Yazarların kaleme aldıklarını, yaşadıklarından ne kadar ayrı tutabiliriz, bilmiyorum. Hayatına giren insanlar, tanık olduğu olaylar, okuduğu kitaplar, mutlaka yazarların düşlemlerini, dolayısıyla yazdıklarını etkiliyordur. Bazen bir yazarın yakından tanıdığı ya da gözlemlediği birkaç karakterin özelliği, anlattığı öyküde bütünleşip yeni bir kahraman olarak karşımıza çıkabiliyor. Yine yaşanmış bir olay, bir deneyim, hayallerle kurgulanarak yeniden satırlar arasından bize göz kırpabiliyor.
Kısaca söylemek gerekirse, bir yazar için yazmayı ve yaşamayı birbirinden çok uzak tutmamız olası değil. Bu yüzden sevdiğim yazarların, şayet yazılmışsa, yaşam öykülerini okumayı seviyorum. Hayatından yapıtlarına yansıyan kimi görüntüler, onları sevmemi ve yazdıklarını daha çok anlamamı sağlıyorlar.
Öykü ve roman gibi hayallerin daha çok öne çıktığı kurgu yapıtlarda, yazarın hayatından izler bulmakta zorlanabiliriz. Oysaki deneme türünün sınırları içinde, yazar olarak anılarımızla, duygu ve düşüncelerimizle doğrudan kendimizi anlatabiliyoruz. Okur olarak da yazarın paylaştığı bu deneyimlerle kendimizi özdeştirebiliyoruz. Öyle ki, bazı kitapları okurken, sanki beni anlatıyor, diyebiliyoruz. Belki bu yüzden o yazarları diğerlerinden daha çok sevdiğimizi söyleyebiliyoruz.
Haruki Murakami’nin Mesleğim Yazarlık kitabında yer alan, “Peki ama ne hakkında yazmalıyım?” başlıklı denemesinde, bu yazma deneyimini ayrıntılı olarak anlatıyor. Yazının bir yerinde kafasında büyük bir dolap olduğunu söylüyor. Bu dolabın büyüklü küçüklü, gizli bölmeli her çekmecesinde, türlü çeşitli anıları, bilgi şeklinde toplanırmış. Bir roman yazacağı zaman işine yarayabilecek bir çekmeceyi açar, içindeki malzemeyi dışarı çıkararak kullanırmış. Öyle ki, sanki hayal gücü onun isteklerinden uzaklaşarak üç boyutlu halde, serbestçe hareket etmeye başlarmış. Bir roman yazarı olarak, onun için beyninin içindeki dolapta toplanmış bu bilgilerin, başka şeylerle değiştirilemeyecek kadar değerli bir servet olduğunu vurguluyor.

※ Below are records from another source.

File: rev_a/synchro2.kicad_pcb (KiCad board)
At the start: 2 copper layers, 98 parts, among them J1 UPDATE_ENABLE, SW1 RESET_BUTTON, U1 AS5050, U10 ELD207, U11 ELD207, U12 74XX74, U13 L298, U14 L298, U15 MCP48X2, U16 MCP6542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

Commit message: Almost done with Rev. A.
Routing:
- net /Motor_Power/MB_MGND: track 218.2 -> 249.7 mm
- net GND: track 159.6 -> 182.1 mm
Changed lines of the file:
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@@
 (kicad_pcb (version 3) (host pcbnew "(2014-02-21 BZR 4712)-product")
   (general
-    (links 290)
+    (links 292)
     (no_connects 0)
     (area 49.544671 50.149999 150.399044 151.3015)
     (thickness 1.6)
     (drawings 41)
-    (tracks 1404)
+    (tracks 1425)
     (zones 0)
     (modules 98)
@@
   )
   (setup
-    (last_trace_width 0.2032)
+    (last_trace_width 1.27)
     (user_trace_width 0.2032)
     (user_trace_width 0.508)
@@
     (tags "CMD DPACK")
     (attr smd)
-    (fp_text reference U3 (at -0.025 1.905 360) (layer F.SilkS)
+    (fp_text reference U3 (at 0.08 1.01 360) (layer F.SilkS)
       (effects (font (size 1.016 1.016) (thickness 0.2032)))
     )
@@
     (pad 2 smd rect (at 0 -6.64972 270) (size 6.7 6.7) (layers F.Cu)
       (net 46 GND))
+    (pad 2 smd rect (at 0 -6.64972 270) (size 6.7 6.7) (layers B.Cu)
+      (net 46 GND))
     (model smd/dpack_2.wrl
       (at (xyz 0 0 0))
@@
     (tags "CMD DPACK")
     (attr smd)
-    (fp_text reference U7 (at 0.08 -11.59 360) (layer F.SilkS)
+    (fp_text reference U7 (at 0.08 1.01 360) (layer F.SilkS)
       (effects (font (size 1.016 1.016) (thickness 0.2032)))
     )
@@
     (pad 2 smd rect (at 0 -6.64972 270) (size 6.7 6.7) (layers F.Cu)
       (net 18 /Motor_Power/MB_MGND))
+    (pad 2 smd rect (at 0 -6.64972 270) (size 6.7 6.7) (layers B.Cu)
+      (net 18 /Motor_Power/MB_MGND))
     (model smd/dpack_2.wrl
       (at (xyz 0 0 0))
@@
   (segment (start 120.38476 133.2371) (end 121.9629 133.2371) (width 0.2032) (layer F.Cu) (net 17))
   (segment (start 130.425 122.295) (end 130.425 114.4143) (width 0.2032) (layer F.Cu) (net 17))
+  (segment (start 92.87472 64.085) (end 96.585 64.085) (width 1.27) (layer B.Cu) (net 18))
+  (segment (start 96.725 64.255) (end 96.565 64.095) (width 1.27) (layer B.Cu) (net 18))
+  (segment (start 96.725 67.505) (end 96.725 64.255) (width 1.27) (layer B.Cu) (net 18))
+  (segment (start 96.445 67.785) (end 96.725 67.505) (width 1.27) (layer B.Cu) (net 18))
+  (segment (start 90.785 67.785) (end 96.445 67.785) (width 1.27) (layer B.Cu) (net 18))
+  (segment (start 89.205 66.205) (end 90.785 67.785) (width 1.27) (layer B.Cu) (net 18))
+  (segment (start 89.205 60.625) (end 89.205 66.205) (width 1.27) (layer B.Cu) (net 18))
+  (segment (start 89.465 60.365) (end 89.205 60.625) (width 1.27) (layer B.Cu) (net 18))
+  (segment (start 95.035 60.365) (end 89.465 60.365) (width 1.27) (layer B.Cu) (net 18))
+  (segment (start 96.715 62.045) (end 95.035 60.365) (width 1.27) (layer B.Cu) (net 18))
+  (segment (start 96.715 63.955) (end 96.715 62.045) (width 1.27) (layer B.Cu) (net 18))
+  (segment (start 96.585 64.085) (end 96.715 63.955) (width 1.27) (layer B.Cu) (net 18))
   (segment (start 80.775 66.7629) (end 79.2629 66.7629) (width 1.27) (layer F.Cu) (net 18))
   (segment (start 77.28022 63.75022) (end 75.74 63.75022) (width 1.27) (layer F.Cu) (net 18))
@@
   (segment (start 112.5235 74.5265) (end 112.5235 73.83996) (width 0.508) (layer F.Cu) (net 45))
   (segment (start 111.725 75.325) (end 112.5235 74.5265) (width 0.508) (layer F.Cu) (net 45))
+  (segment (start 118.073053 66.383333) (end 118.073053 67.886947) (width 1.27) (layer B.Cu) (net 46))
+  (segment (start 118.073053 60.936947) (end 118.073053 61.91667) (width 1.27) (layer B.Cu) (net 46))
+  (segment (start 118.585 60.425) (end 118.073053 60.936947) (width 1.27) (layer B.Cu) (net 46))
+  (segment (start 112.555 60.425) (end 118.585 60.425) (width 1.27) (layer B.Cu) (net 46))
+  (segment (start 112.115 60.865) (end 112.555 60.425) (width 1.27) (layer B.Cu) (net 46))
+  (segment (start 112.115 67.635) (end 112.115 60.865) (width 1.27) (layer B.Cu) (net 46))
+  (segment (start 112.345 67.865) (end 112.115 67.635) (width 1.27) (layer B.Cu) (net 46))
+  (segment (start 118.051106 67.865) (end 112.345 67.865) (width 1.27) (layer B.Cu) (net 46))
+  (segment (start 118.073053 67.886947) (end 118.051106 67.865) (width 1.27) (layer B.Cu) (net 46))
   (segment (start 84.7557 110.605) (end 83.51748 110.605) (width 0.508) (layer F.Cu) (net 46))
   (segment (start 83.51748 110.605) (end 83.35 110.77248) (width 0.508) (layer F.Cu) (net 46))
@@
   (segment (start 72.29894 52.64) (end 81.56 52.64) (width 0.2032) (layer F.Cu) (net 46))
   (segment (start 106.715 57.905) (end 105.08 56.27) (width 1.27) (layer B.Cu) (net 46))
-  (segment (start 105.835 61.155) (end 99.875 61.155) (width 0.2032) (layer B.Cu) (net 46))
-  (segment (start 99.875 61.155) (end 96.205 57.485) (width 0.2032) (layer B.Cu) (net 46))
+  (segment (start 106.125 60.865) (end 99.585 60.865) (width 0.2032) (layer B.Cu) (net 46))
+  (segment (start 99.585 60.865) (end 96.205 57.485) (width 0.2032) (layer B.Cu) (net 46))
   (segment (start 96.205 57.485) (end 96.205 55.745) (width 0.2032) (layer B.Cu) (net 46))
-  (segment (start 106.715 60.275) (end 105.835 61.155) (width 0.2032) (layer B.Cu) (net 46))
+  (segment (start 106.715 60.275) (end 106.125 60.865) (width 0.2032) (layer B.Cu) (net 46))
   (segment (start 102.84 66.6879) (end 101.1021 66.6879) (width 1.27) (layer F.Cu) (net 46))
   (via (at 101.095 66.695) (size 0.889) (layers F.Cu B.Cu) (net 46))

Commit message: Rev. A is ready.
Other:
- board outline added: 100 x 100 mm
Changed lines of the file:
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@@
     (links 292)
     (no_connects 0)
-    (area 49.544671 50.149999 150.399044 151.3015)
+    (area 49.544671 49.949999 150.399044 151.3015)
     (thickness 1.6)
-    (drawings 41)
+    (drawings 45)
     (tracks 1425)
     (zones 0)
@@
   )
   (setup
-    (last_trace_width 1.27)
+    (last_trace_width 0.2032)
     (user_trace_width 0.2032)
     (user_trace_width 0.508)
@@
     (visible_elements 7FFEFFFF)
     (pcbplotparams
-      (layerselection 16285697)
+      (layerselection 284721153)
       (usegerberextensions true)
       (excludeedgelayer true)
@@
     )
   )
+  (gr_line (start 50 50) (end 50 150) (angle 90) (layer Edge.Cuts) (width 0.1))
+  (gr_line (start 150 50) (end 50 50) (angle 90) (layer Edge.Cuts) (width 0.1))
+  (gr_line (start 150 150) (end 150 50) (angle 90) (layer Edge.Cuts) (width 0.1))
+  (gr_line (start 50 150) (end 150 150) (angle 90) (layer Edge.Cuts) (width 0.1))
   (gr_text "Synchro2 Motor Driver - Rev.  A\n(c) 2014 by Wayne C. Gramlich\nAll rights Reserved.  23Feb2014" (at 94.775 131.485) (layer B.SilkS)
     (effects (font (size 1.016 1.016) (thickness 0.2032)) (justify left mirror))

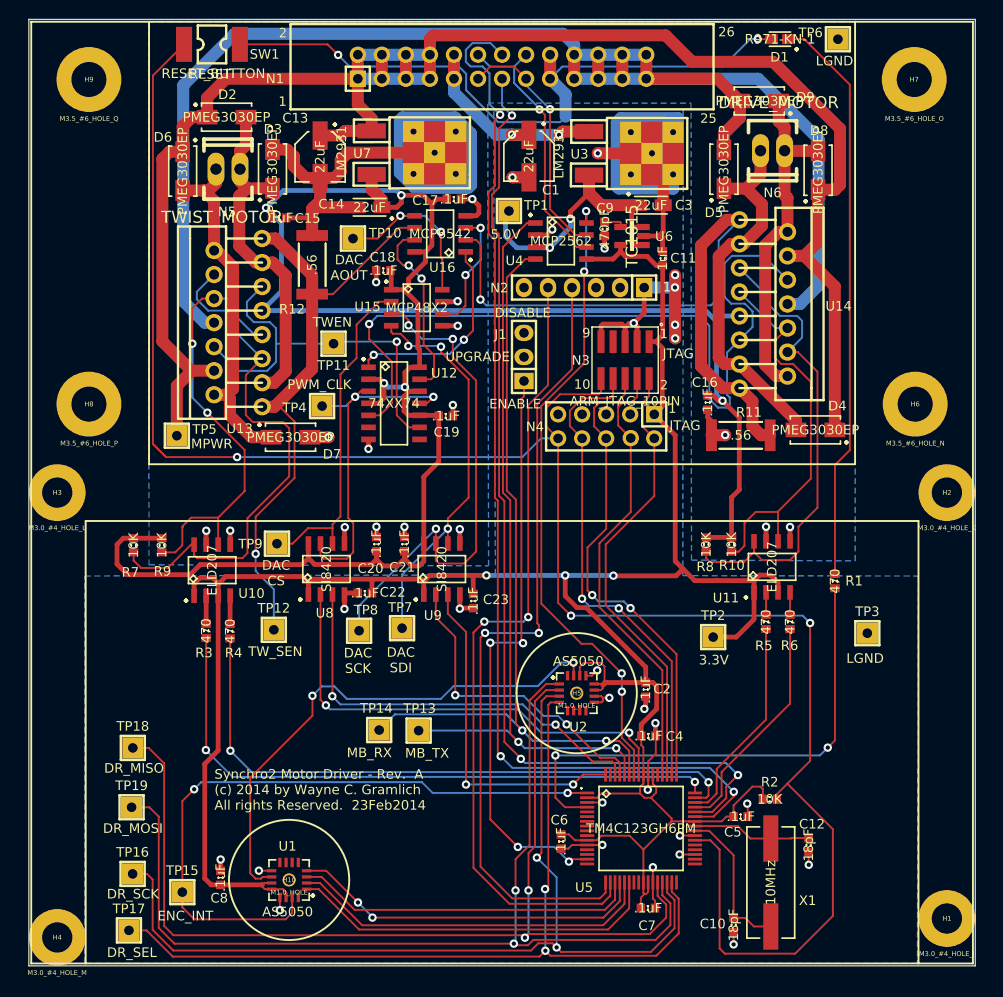
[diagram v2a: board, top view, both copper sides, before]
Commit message: Tweak compennt values to match pricing database.  No footprints were changed.
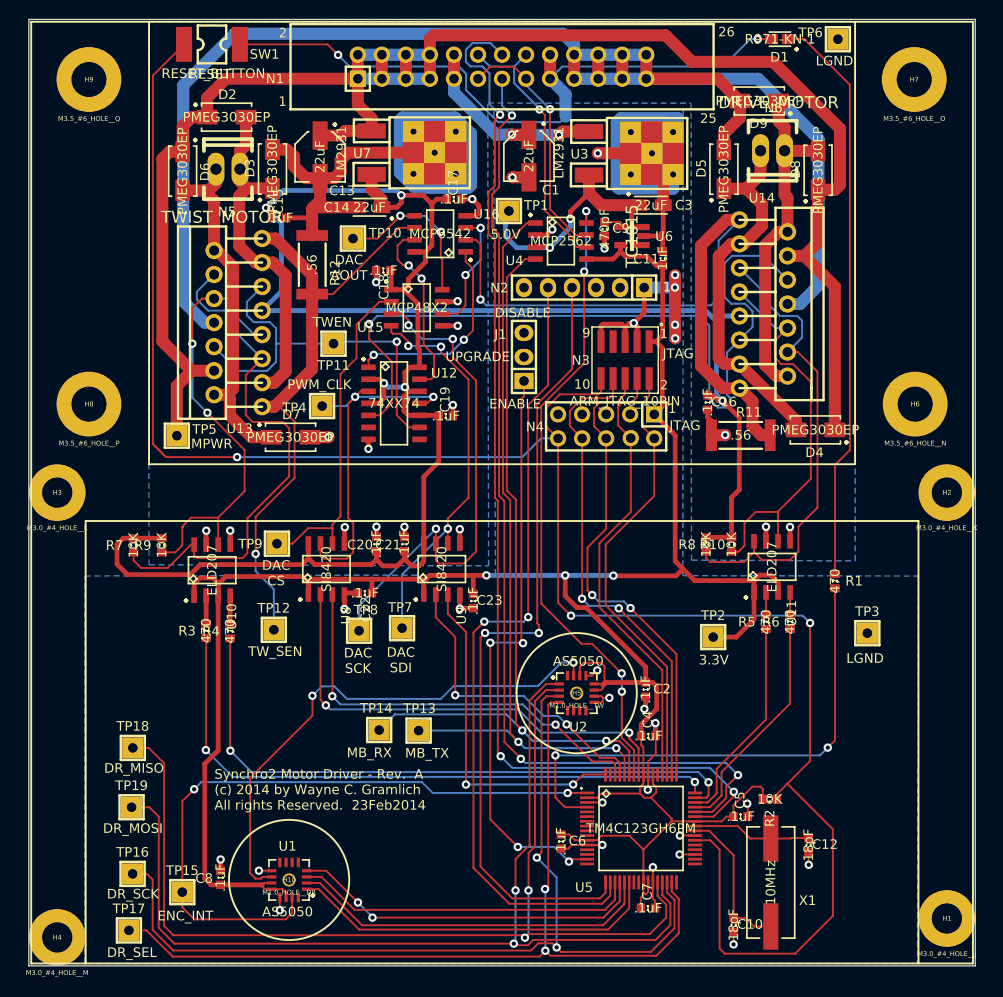
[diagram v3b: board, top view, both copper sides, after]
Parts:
- C1, C13: footprint IPC7351-Nominal:CAPAE530X540N -> Synchro2_Rev_A:CAPAE530X540N
- C10, C11, C12, C15, C16, C17, C18, C19, C2, C20, C21, C22, C23, C4, C5, C6, C7, C8, C9: footprint IPC7351-Nominal:CAPC1608X55N -> Synchro2_Rev_A:CAPC1608X55N
- C14, C3: footprint IPC7351-Nominal:CAPMP3216X180N -> Synchro2_Rev_A:CAPMP3216X180N
- D1: footprint IPC7351-Nominal:DIOM2012X160N -> Synchro2_Rev_A:DIOM2012X160N
- D2, D3, D4, D5, D6, D7, D8, D9: footprint IPC7351-Nominal:DIOM5027X244N -> Synchro2_Rev_A:DIOM5027X244N
- H1: value M3.0_#4_HOLE_J -> M3.0_#4_HOLE__J
- H10: value M1.0_HOLE -> M1.0_HOLE__DR
- H2: value M3.0_#4_HOLE_K -> M3.0_#4_HOLE__K
- H3: value M3.0_#4_HOLE_L -> M3.0_#4_HOLE__L
- H4: value M3.0_#4_HOLE_M -> M3.0_#4_HOLE__M
- H5: value M1.0_HOLE -> M1.0_HOLE__TW
- H6: value M3.5_#6_HOLE_N -> M3.5_#6_HOLE__N
- H7: value M3.5_#6_HOLE_O -> M3.5_#6_HOLE__O
- H8: value M3.5_#6_HOLE_P -> M3.5_#6_HOLE__P
- H9: value M3.5_#6_HOLE_Q -> M3.5_#6_HOLE__Q
- J1: footprint Pin_Headers:Pin_Header_Straight_1x03 -> Synchro2_Rev_A:Pin_Header_Straight_1x03
- N2: footprint Pin_Headers:Pin_Header_Straight_1x06 -> Synchro2_Rev_A:Pin_Header_Straight_1x06
- N5, N6: footprint Sockets_MOLEX_KK-System:Socket_MOLEX-KK-RM2-54mm_Lock_2pin_straight -> Synchro2_Rev_A:Socket_MOLEX-KK-RM2-54mm_Lock_2pin_straight
- R1, R10, R2, R3, R4, R5, R6, R7, R8, R9: footprint IPC7351-Nominal:RESC1608X50N -> Synchro2_Rev_A:RESC1608X50N
- R11, R12: footprint IPC7351-Nominal:RESC6432X76N -> Synchro2_Rev_A:RESC6432X76N
- SW1: footprint Robus:KSS221GLFS -> Synchro2_Rev_A:KSS221GLFS
- U10, U11, U15, U16, U4, U8, U9: footprint IPC7351-Nominal:SOIC127P600X175-8N -> Synchro2_Rev_A:SOIC127P600X175-8N
- U12: footprint IPC7351-Nominal:SOIC127P600X175-14N -> Synchro2_Rev_A:SOIC127P600X175-14N
- U13, U14: footprint Robus:MULTIWATT15 -> Synchro2_Rev_A:MULTIWATT15
- U5: footprint IPC7351-Nominal:QFP50P1200X1200X145-64N -> Synchro2_Rev_A:QFP50P1200X1200X145-64N
- U6: footprint Extra-Nominal:SOT95P280X145-5N -> Synchro2_Rev_A:SOT95P280X145-5N
- X1: footprint IPC7351-Nominal:XTAL1150X480X430N -> Synchro2_Rev_A:XTAL1150X480X430N

Zaman zaman denemelerimde anılarıma, deneyimlerime yer vererek kendimi sorguluyorum. Ayrıca şunu belirtmem gerekir ki, bugüne değin kurgu olarak beğenebileceğim bir şey yazmadım. Elbette ki istemediğimden değil, bunu hiç beceremediğimden! Bu yüzden yazmak için beni en çok besleyen, okuduklarım kadar, yaşadıklarım, düşündüklerim oldu.
Deneyimlerin hepimiz için değerli olduklarını biliyoruz; ama bir yazar için bunlar, her zaman yararlandıkları önemli birer kaynaktırlar. Aynı zamanda renkleri, kokuları, tatları, duyguları, düşünceleri söze dönüştürerek, ayrıca onları hayal güçleriyle harmanlayıp başarılı bir şekilde yazıya döktüklerinde, okurlarını etkileyebiliyorlar.
Yaşamak ve yazmak!
Okurlar bir yana… Kendi payıma şunu söylemek isterim:
İyi ki yazmışım diyebileceğim sıradan birkaç satır bile, hayatıma bir anlam katmak için yeterli olabilir.